WORK TO BE COMPLETED >> Filter by the string "style": return the lines of the material that contain it.

[[ INPUT open ]]

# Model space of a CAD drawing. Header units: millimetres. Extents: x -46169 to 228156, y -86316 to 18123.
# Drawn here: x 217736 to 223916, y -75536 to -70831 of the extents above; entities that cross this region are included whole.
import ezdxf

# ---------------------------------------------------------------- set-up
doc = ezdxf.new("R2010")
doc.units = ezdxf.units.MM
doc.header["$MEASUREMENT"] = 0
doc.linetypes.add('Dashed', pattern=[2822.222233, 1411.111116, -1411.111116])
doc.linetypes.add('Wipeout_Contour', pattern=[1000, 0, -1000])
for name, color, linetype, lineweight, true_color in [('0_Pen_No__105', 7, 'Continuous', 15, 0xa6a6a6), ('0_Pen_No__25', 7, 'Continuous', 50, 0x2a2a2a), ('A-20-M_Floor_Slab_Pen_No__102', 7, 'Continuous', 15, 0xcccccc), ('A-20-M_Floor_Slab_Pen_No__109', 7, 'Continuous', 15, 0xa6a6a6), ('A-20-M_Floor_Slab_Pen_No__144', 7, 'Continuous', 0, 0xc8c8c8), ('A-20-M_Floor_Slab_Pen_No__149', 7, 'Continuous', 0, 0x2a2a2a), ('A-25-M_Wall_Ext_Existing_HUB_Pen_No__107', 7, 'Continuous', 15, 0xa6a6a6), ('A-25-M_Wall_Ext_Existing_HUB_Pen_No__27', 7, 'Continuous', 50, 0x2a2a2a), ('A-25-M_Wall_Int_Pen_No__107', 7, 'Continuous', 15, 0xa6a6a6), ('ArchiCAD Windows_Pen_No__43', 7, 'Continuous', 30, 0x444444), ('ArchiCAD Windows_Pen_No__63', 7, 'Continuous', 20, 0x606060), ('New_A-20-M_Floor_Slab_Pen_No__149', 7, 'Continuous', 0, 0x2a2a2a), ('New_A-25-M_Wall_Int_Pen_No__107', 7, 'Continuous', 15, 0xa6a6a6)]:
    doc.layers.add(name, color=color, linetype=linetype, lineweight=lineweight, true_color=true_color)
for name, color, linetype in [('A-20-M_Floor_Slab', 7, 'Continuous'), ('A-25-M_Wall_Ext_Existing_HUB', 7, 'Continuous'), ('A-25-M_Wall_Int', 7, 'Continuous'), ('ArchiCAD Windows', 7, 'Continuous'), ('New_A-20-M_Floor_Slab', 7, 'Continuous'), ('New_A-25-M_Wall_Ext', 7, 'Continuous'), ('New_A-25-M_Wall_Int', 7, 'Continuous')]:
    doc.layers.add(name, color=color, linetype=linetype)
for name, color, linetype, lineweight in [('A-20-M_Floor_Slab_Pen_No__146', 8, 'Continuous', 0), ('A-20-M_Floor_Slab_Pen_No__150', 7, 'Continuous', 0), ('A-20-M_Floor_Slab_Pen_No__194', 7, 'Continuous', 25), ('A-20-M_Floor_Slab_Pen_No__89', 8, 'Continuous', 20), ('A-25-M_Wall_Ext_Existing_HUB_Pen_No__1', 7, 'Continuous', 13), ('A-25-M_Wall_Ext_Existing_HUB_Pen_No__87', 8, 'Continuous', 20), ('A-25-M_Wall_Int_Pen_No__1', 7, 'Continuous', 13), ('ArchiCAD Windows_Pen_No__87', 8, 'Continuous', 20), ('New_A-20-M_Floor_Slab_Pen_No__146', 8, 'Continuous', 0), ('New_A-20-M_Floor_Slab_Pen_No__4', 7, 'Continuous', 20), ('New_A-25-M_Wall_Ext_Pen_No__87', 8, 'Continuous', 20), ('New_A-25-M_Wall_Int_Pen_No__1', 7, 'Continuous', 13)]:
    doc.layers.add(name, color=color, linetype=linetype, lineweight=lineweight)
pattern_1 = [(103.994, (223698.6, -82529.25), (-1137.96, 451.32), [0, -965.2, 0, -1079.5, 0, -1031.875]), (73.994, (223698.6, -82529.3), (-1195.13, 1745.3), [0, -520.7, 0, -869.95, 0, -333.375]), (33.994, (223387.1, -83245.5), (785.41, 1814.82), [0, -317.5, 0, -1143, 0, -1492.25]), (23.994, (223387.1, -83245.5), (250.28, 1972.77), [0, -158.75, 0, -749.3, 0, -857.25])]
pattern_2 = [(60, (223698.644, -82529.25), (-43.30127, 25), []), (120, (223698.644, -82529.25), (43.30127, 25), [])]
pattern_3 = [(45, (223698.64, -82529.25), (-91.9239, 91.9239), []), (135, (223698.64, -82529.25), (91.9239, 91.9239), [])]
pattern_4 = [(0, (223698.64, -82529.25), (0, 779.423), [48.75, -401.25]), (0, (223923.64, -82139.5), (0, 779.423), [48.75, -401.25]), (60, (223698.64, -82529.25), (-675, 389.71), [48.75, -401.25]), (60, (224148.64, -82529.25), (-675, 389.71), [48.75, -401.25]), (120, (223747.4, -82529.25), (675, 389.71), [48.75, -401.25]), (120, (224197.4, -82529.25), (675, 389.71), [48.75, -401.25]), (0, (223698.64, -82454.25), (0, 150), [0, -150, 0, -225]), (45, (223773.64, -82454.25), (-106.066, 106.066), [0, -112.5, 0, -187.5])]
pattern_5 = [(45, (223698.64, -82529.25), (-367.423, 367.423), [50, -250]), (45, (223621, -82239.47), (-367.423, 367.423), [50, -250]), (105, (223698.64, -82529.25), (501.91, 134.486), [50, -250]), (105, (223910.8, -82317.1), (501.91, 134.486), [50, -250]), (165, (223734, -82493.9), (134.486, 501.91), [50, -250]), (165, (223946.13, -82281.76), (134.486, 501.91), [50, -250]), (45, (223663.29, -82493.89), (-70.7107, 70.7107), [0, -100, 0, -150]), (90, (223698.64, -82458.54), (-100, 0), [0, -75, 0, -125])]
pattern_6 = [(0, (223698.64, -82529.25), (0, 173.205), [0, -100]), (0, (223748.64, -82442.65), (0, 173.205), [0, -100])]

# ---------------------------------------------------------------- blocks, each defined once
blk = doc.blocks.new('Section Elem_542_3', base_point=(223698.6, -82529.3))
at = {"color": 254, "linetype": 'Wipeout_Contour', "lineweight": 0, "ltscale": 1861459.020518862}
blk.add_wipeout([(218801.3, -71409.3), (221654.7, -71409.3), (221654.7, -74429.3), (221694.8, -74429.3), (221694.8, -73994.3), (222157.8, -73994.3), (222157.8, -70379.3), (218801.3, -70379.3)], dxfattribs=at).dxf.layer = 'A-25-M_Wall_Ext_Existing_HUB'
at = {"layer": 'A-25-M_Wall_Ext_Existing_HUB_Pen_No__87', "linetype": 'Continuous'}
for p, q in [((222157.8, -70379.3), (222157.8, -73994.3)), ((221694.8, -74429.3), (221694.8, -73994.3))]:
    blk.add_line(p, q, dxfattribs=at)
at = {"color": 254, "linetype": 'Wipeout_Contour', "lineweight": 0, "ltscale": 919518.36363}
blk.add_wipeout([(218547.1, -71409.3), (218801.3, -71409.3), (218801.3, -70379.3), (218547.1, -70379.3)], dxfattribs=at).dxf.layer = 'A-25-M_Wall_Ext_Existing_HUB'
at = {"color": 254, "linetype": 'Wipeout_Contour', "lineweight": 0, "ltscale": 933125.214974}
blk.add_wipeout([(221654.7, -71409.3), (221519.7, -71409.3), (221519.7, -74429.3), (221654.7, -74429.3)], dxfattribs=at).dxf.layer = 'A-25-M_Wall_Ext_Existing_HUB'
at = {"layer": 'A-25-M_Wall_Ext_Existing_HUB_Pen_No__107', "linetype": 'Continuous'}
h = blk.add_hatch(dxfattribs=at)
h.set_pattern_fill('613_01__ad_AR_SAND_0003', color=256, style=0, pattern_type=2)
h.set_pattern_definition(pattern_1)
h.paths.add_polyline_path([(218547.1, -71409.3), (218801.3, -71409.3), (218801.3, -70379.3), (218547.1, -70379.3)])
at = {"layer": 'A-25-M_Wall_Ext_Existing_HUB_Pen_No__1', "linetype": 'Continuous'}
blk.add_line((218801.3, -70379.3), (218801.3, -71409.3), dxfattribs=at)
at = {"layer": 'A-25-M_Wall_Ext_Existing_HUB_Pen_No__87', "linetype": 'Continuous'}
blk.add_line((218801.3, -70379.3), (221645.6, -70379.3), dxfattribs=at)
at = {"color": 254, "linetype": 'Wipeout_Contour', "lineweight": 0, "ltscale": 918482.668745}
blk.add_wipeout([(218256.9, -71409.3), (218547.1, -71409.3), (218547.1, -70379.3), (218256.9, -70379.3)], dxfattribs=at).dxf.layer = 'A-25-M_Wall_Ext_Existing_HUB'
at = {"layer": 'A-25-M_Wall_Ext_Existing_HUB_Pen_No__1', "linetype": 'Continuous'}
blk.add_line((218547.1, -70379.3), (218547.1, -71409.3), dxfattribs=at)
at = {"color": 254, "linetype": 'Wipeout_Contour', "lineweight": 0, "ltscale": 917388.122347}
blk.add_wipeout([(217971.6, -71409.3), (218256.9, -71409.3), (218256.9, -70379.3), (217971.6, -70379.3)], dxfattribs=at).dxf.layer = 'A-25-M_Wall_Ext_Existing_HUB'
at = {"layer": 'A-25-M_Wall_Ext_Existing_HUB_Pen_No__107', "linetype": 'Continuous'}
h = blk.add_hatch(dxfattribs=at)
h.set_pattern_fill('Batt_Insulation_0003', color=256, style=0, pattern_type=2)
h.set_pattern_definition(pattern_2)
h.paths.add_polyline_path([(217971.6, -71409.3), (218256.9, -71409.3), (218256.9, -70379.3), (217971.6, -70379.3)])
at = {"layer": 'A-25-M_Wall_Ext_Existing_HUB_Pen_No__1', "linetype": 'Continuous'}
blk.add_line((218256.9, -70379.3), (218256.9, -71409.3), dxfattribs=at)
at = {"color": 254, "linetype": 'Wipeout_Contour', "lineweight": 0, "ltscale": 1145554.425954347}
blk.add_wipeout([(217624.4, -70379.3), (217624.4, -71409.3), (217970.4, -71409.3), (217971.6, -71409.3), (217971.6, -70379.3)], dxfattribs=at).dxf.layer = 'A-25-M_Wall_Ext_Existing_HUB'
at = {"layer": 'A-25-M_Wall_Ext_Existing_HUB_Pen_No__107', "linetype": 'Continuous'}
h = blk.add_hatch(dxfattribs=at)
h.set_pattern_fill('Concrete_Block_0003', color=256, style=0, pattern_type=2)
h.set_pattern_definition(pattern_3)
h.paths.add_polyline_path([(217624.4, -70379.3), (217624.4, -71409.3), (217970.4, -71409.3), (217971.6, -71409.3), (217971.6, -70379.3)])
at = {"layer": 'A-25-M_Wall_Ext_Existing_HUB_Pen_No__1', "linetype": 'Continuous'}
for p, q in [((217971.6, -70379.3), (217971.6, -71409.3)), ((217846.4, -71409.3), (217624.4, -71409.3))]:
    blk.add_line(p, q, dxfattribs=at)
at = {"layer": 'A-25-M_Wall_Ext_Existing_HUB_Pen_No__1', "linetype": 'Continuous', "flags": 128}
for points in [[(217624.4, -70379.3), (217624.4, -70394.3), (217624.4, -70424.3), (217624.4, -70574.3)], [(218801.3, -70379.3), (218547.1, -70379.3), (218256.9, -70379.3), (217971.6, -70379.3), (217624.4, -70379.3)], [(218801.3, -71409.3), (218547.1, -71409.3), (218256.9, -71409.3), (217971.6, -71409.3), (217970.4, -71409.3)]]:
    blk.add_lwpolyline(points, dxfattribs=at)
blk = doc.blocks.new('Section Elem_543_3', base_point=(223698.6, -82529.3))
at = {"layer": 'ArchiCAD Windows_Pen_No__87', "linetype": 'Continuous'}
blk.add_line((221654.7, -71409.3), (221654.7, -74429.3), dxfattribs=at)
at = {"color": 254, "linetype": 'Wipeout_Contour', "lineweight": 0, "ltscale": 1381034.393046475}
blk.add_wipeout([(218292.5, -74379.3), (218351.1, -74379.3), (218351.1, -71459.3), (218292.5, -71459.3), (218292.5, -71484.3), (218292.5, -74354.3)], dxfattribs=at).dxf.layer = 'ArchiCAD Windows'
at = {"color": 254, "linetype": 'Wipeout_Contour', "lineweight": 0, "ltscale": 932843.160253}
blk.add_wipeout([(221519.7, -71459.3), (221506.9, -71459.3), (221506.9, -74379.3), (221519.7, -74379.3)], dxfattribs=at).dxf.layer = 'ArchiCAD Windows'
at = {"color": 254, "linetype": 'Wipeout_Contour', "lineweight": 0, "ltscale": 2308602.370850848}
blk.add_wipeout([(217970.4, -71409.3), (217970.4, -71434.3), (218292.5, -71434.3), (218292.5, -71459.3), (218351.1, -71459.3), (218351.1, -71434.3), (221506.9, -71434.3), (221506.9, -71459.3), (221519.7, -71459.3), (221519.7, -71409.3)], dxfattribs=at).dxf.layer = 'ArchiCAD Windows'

[[ INPUT closed ]]

ANSWER TO THIS TASK >>
h.set_pattern_fill('613_01__ad_AR_SAND_0003', color=256, style=0, pattern_type=2)
h.set_pattern_fill('Batt_Insulation_0003', color=256, style=0, pattern_type=2)
h.set_pattern_fill('Concrete_Block_0003', color=256, style=0, pattern_type=2)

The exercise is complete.